§ **WHAT YOU WILL DO**
Which lines belong in your copy? Those from the start of the data through the line with "doc.styles.add('ARIAL', font='arial.ttf')", exactly as written, without any pictures.

§ **EXCERPTED RECORDS**
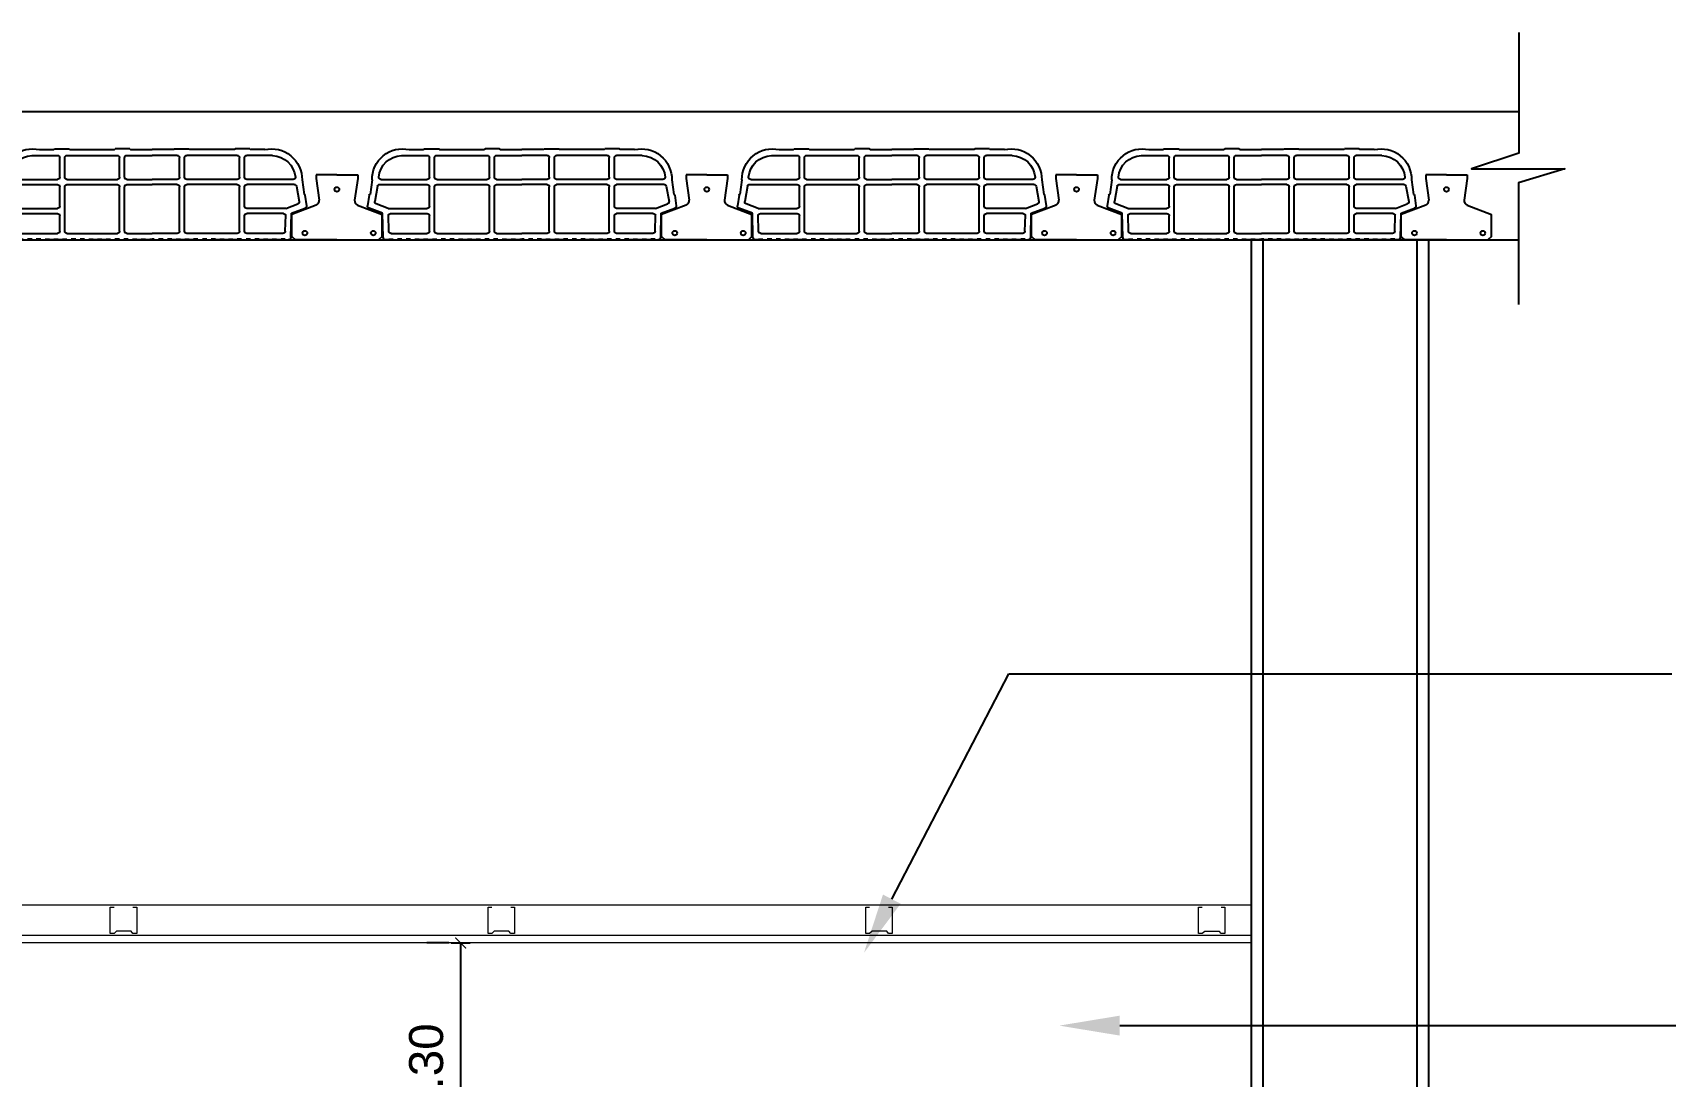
# Model space of a CAD drawing. Header units: metres. Extents: x 198 to 412, y -54 to 17.
# Drawn here: x 262.522 to 264.683, y -39.527 to -38.146 of the extents above; entities that cross this region are included whole.
import ezdxf
from ezdxf import colors
from ezdxf.entities.mleader import LeaderData, LeaderLine
from ezdxf.math import Vec2, Vec3

# ---------------------------------------------------------------- set-up
doc = ezdxf.new("R2010")
doc.units = ezdxf.units.M
doc.header["$LTSCALE"] = 10
for name, color, linetype in [('02', 2, 'Continuous'), ('1_MUROS', 6, 'Continuous'), ('25-TXT', 2, 'Continuous'), ('A-MUROS', 6, 'Continuous'), ('A-TEXTOS', 2, 'Continuous'), ('Corte t', 2, 'Continuous'), ('Losa rap sapito', 251, 'Continuous'), ('piso', 1, 'Continuous'), ('TM-REVOQUE', 2, 'Continuous')]:
    doc.layers.add(name, color=color, linetype=linetype)
doc.layers.add('A-Cielorraso', color=1, linetype='Continuous', lineweight=5)
doc.styles.add('ARIAL', font='arial.ttf')
doc.dimstyles.new('ST-COTA-25', dxfattribs={"dimscale": 0.25, "dimtxt": 0.18, "dimasz": 0.1, "dimexe": 0.18, "dimexo": 0.0625, "dimgap": 0.09, "dimtad": 1, "dimzin": 4, "dimdsep": 46, "dimtxsty": 'ARIAL', "dimblk1": 'COTA_N', "dimblk2": 'COTA_N', "dimsah": 1, "dimcen": 0.09, "dimclrd": 8, "dimclre": 8, "dimclrt": 1, "dimadec": 0, "dimazin": 0, "dimtfac": 1, "dimtix": 1, "dimtmove": 0, "dimatfit": 3, "dimldrblk": 'COTA_N', "dimfxl": 0.18, "dimtolj": 1, "dimtzin": 0, "dimarcsym": 0})

# ---------------------------------------------------------------- blocks, each defined once
blk = doc.blocks.new('VIGUETA NUEVA')
at = {"layer": '02'}
for p, q in [((852.3054, 1549.6661), (852.2767, 1549.6661)), ((852.2767, 1549.6661), (852.2767, 1549.6611)), ((852.2767, 1549.6611), (852.2809, 1549.6312)), ((852.3054, 1549.6661), (852.3342, 1549.6661)), ((852.3342, 1549.6611), (852.3299, 1549.6312)), ((852.3342, 1549.6661), (852.3342, 1549.6611)), ((852.2769, 1549.6243), (852.2429, 1549.6111)), ((852.2429, 1549.5811), (852.2429, 1549.6111)), ((852.3339, 1549.6243), (852.3679, 1549.6111)), ((852.3679, 1549.5811), (852.3679, 1549.6111)), ((852.2429, 1549.5811), (852.2479, 1549.5761)), ((852.3054, 1549.5761), (852.2479, 1549.5761)), ((852.3054, 1549.5761), (852.3629, 1549.5761)), ((852.3679, 1549.5811), (852.3629, 1549.5761))]:
    blk.add_line(p, q, dxfattribs=at)
for centre, start, end in [((852.2739, 1549.6307), 294.8533, 4.4381), ((852.3369, 1549.6307), 175.5619, 245.1467)]:
    blk.add_arc(centre, 0.00704, start, end, dxfattribs=at)
blk = doc.blocks.new('VIGUETA NUEVA1')
at = {"layer": 'piso'}
for centre in [(0, -0.02), (-0.0444, -0.0805), (0.0504, -0.0805)]:
    blk.add_circle(centre, 0.00324, dxfattribs=at)
at = {"layer": '1_MUROS'}
blk.add_blockref('VIGUETA NUEVA', (-852.3054, -1549.6661), dxfattribs=at)
blk = doc.blocks.new('Losa rap zapito')
at = {"layer": 'Losa rap sapito'}
for p, q in [((283.7711, -291.7719), (283.8051, -291.7719)), ((283.7813, -291.7641), (283.8003, -291.7641)), ((283.8012, -291.7632), (283.8205, -291.7632)), ((283.808, -291.8006), (283.808, -291.7747)), ((283.8147, -291.8006), (283.8147, -291.7747)), ((283.8176, -291.7719), (283.8844, -291.7719)), ((283.8215, -291.7641), (283.8806, -291.7641)), ((283.9008, -291.7632), (283.8815, -291.7632)), ((283.8873, -291.8006), (283.8873, -291.7747)), ((283.8941, -291.8006), (283.8941, -291.7747)), ((283.897, -291.7719), (283.9304, -291.7719)), ((283.9018, -291.7641), (283.9304, -291.7641)), ((283.959, -291.7641), (283.9304, -291.7641)), ((283.9638, -291.7719), (283.9304, -291.7719)), ((283.9599, -291.7632), (283.9792, -291.7632)), ((283.9667, -291.8006), (283.9667, -291.7747)), ((283.9734, -291.8006), (283.9734, -291.7747)), ((284.0431, -291.7719), (283.9763, -291.7719)), ((284.0393, -291.7641), (283.9802, -291.7641)), ((284.0595, -291.7632), (284.0402, -291.7632)), ((284.046, -291.8006), (284.046, -291.7747)), ((284.0527, -291.8006), (284.0527, -291.7747)), ((284.0896, -291.7719), (284.0556, -291.7719)), ((284.0795, -291.7641), (284.0605, -291.7641)), ((283.732, -291.8042), (283.7293, -291.8235)), ((283.7394, -291.8124), (283.7357, -291.8329)), ((283.7422, -291.8103), (283.8051, -291.8103)), ((283.7437, -291.8035), (283.8051, -291.8035)), ((283.7534, -291.8103), (283.8051, -291.8103)), ((283.808, -291.8391), (283.808, -291.8132)), ((283.8147, -291.8721), (283.8147, -291.8132)), ((283.8176, -291.8035), (283.8844, -291.8035)), ((283.8176, -291.8103), (283.8844, -291.8103)), ((283.8873, -291.8721), (283.8873, -291.8132)), ((283.8941, -291.8721), (283.8941, -291.8132)), ((283.897, -291.8035), (283.9304, -291.8035)), ((283.897, -291.8103), (283.9304, -291.8103)), ((283.9638, -291.8035), (283.9304, -291.8035)), ((283.9638, -291.8103), (283.9304, -291.8103)), ((283.9667, -291.8721), (283.9667, -291.8132)), ((283.9734, -291.8721), (283.9734, -291.8132)), ((284.0431, -291.8035), (283.9763, -291.8035)), ((284.0431, -291.8103), (283.9763, -291.8103)), ((284.046, -291.8721), (284.046, -291.8132)), ((284.0527, -291.8391), (284.0527, -291.8132)), ((284.117, -291.8035), (284.0556, -291.8035)), ((284.1186, -291.8103), (284.0556, -291.8103)), ((284.1073, -291.8103), (284.0556, -291.8103)), ((284.1214, -291.8124), (284.125, -291.8329)), ((284.1287, -291.8042), (284.1314, -291.8235)), ((283.7282, -291.8243), (283.7262, -291.8386)), ((283.7459, -291.8484), (283.728, -291.8417)), ((283.7534, -291.842), (283.7376, -291.836)), ((283.7534, -291.842), (283.8051, -291.842)), ((284.1073, -291.842), (284.0556, -291.842)), ((284.1073, -291.842), (284.1232, -291.836)), ((284.1149, -291.8484), (284.1327, -291.8417)), ((284.1325, -291.8243), (284.1346, -291.8386)), ((283.7466, -291.8799), (283.7459, -291.8484)), ((283.7542, -291.8721), (283.7536, -291.851)), ((283.7565, -291.8487), (283.8051, -291.8487)), ((283.808, -291.8721), (283.808, -291.8516)), ((284.0527, -291.8721), (284.0527, -291.8516)), ((284.1043, -291.8487), (284.0556, -291.8487)), ((284.1066, -291.8721), (284.1071, -291.851)), ((284.1141, -291.8799), (284.1149, -291.8484)), ((283.7541, -291.8836), (283.7504, -291.8836)), ((283.7541, -291.8836), (283.7516, -291.8836)), ((283.7541, -291.8836), (283.7516, -291.8836)), ((283.7541, -291.8836), (283.7541, -291.8827)), ((283.7541, -291.8827), (283.7598, -291.8827)), ((283.7571, -291.8749), (283.8051, -291.8749)), ((283.7598, -291.8836), (283.7598, -291.8827)), ((283.7598, -291.8836), (283.7656, -291.8836)), ((283.7714, -291.8827), (283.7656, -291.8827)), ((283.7656, -291.8836), (283.7656, -291.8827)), ((283.7714, -291.8836), (283.7714, -291.8827)), ((283.7714, -291.8836), (283.7772, -291.8836)), ((283.7772, -291.8836), (283.7772, -291.8827)), ((283.783, -291.8827), (283.7772, -291.8827)), ((283.783, -291.8836), (283.783, -291.8827)), ((283.783, -291.8836), (283.7887, -291.8836)), ((283.7887, -291.8836), (283.7887, -291.8827)), ((283.7887, -291.8827), (283.7945, -291.8827)), ((283.7945, -291.8836), (283.7945, -291.8827)), ((283.8003, -291.8836), (283.7945, -291.8836)), ((283.8003, -291.8827), (283.8061, -291.8827)), ((283.8003, -291.8836), (283.8003, -291.8827)), ((283.8061, -291.8836), (283.8061, -291.8827)), ((283.8119, -291.8836), (283.8061, -291.8836)), ((283.8119, -291.8827), (283.8176, -291.8827)), ((283.8119, -291.8836), (283.8119, -291.8827)), ((283.8119, -291.8827), (283.8176, -291.8827)), ((283.8176, -291.8749), (283.8844, -291.8749)), ((283.8176, -291.8836), (283.8176, -291.8827)), ((283.8176, -291.8836), (283.8234, -291.8836)), ((283.8292, -291.8827), (283.8234, -291.8827)), ((283.8234, -291.8836), (283.8234, -291.8827)), ((283.8292, -291.8836), (283.8292, -291.8827)), ((283.8292, -291.8836), (283.835, -291.8836)), ((283.835, -291.8836), (283.835, -291.8827)), ((283.8408, -291.8827), (283.835, -291.8827)), ((283.8408, -291.8836), (283.8408, -291.8827)), ((283.8408, -291.8836), (283.8465, -291.8836)), ((283.8465, -291.8836), (283.8465, -291.8827)), ((283.8465, -291.8827), (283.8523, -291.8827)), ((283.8523, -291.8836), (283.8523, -291.8827)), ((283.8581, -291.8836), (283.8523, -291.8836)), ((283.8581, -291.8827), (283.8639, -291.8827)), ((283.8581, -291.8836), (283.8581, -291.8827)), ((283.8639, -291.8836), (283.8639, -291.8827)), ((283.8697, -291.8836), (283.8639, -291.8836)), ((283.8697, -291.8827), (283.8755, -291.8827)), ((283.8697, -291.8836), (283.8697, -291.8827)), ((283.8697, -291.8827), (283.8755, -291.8827)), ((283.8755, -291.8836), (283.8755, -291.8827)), ((283.8755, -291.8836), (283.8812, -291.8836)), ((283.887, -291.8827), (283.8812, -291.8827)), ((283.8812, -291.8836), (283.8812, -291.8827)), ((283.887, -291.8836), (283.887, -291.8827)), ((283.887, -291.8836), (283.8928, -291.8836)), ((283.8928, -291.8836), (283.8928, -291.8827)), ((283.8986, -291.8827), (283.8928, -291.8827)), ((283.897, -291.8749), (283.9304, -291.8749)), ((283.8986, -291.8836), (283.8986, -291.8827)), ((283.8986, -291.8836), (283.9044, -291.8836)), ((283.9044, -291.8836), (283.9044, -291.8827)), ((283.9044, -291.8827), (283.9101, -291.8827)), ((283.9101, -291.8836), (283.9101, -291.8827)), ((283.9159, -291.8836), (283.9101, -291.8836)), ((283.9159, -291.8827), (283.9217, -291.8827)), ((283.9159, -291.8836), (283.9159, -291.8827)), ((283.9217, -291.8836), (283.9217, -291.8827)), ((283.9275, -291.8836), (283.9217, -291.8836)), ((283.9275, -291.8836), (283.9275, -291.8827)), ((283.9275, -291.8827), (283.9304, -291.8827)), ((283.9638, -291.8749), (283.9304, -291.8749)), ((283.9333, -291.8827), (283.9304, -291.8827)), ((283.9333, -291.8836), (283.9333, -291.8827)), ((283.9333, -291.8836), (283.939, -291.8836)), ((283.9448, -291.8827), (283.939, -291.8827)), ((283.939, -291.8836), (283.939, -291.8827)), ((283.9448, -291.8836), (283.9448, -291.8827)), ((283.9448, -291.8836), (283.9506, -291.8836)), ((283.9506, -291.8836), (283.9506, -291.8827)), ((283.9564, -291.8827), (283.9506, -291.8827)), ((283.9564, -291.8836), (283.9564, -291.8827)), ((283.9622, -291.8836), (283.9564, -291.8836)), ((283.9622, -291.8836), (283.9622, -291.8827)), ((283.9622, -291.8827), (283.9679, -291.8827)), ((283.9679, -291.8836), (283.9679, -291.8827)), ((283.9737, -291.8836), (283.9679, -291.8836)), ((283.9737, -291.8827), (283.9795, -291.8827)), ((283.9737, -291.8836), (283.9737, -291.8827)), ((284.0431, -291.8749), (283.9763, -291.8749)), ((283.9795, -291.8836), (283.9795, -291.8827)), ((283.9853, -291.8836), (283.9795, -291.8836)), ((283.9911, -291.8827), (283.9853, -291.8827)), ((283.9853, -291.8836), (283.9853, -291.8827)), ((283.9911, -291.8827), (283.9853, -291.8827)), ((283.9911, -291.8836), (283.9911, -291.8827)), ((283.9911, -291.8836), (283.9968, -291.8836)), ((284.0026, -291.8827), (283.9968, -291.8827)), ((283.9968, -291.8836), (283.9968, -291.8827)), ((284.0026, -291.8836), (284.0026, -291.8827)), ((284.0026, -291.8836), (284.0084, -291.8836)), ((284.0084, -291.8836), (284.0084, -291.8827)), ((284.0142, -291.8827), (284.0084, -291.8827)), ((284.0142, -291.8836), (284.0142, -291.8827)), ((284.02, -291.8836), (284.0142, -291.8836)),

§ **ANSWER SPACE**
# Model space of a CAD drawing. Header units: metres. Extents: x 198 to 412, y -54 to 17.
# Drawn here: x 262.522 to 264.683, y -39.527 to -38.146 of the extents above; entities that cross this region are included whole.
import ezdxf
from ezdxf import colors
from ezdxf.entities.mleader import LeaderData, LeaderLine
from ezdxf.math import Vec2, Vec3

# ---------------------------------------------------------------- set-up
doc = ezdxf.new("R2010")
doc.units = ezdxf.units.M
doc.header["$LTSCALE"] = 10
for name, color, linetype in [('02', 2, 'Continuous'), ('1_MUROS', 6, 'Continuous'), ('25-TXT', 2, 'Continuous'), ('A-MUROS', 6, 'Continuous'), ('A-TEXTOS', 2, 'Continuous'), ('Corte t', 2, 'Continuous'), ('Losa rap sapito', 251, 'Continuous'), ('piso', 1, 'Continuous'), ('TM-REVOQUE', 2, 'Continuous')]:
    doc.layers.add(name, color=color, linetype=linetype)
doc.layers.add('A-Cielorraso', color=1, linetype='Continuous', lineweight=5)
doc.styles.add('ARIAL', font='arial.ttf')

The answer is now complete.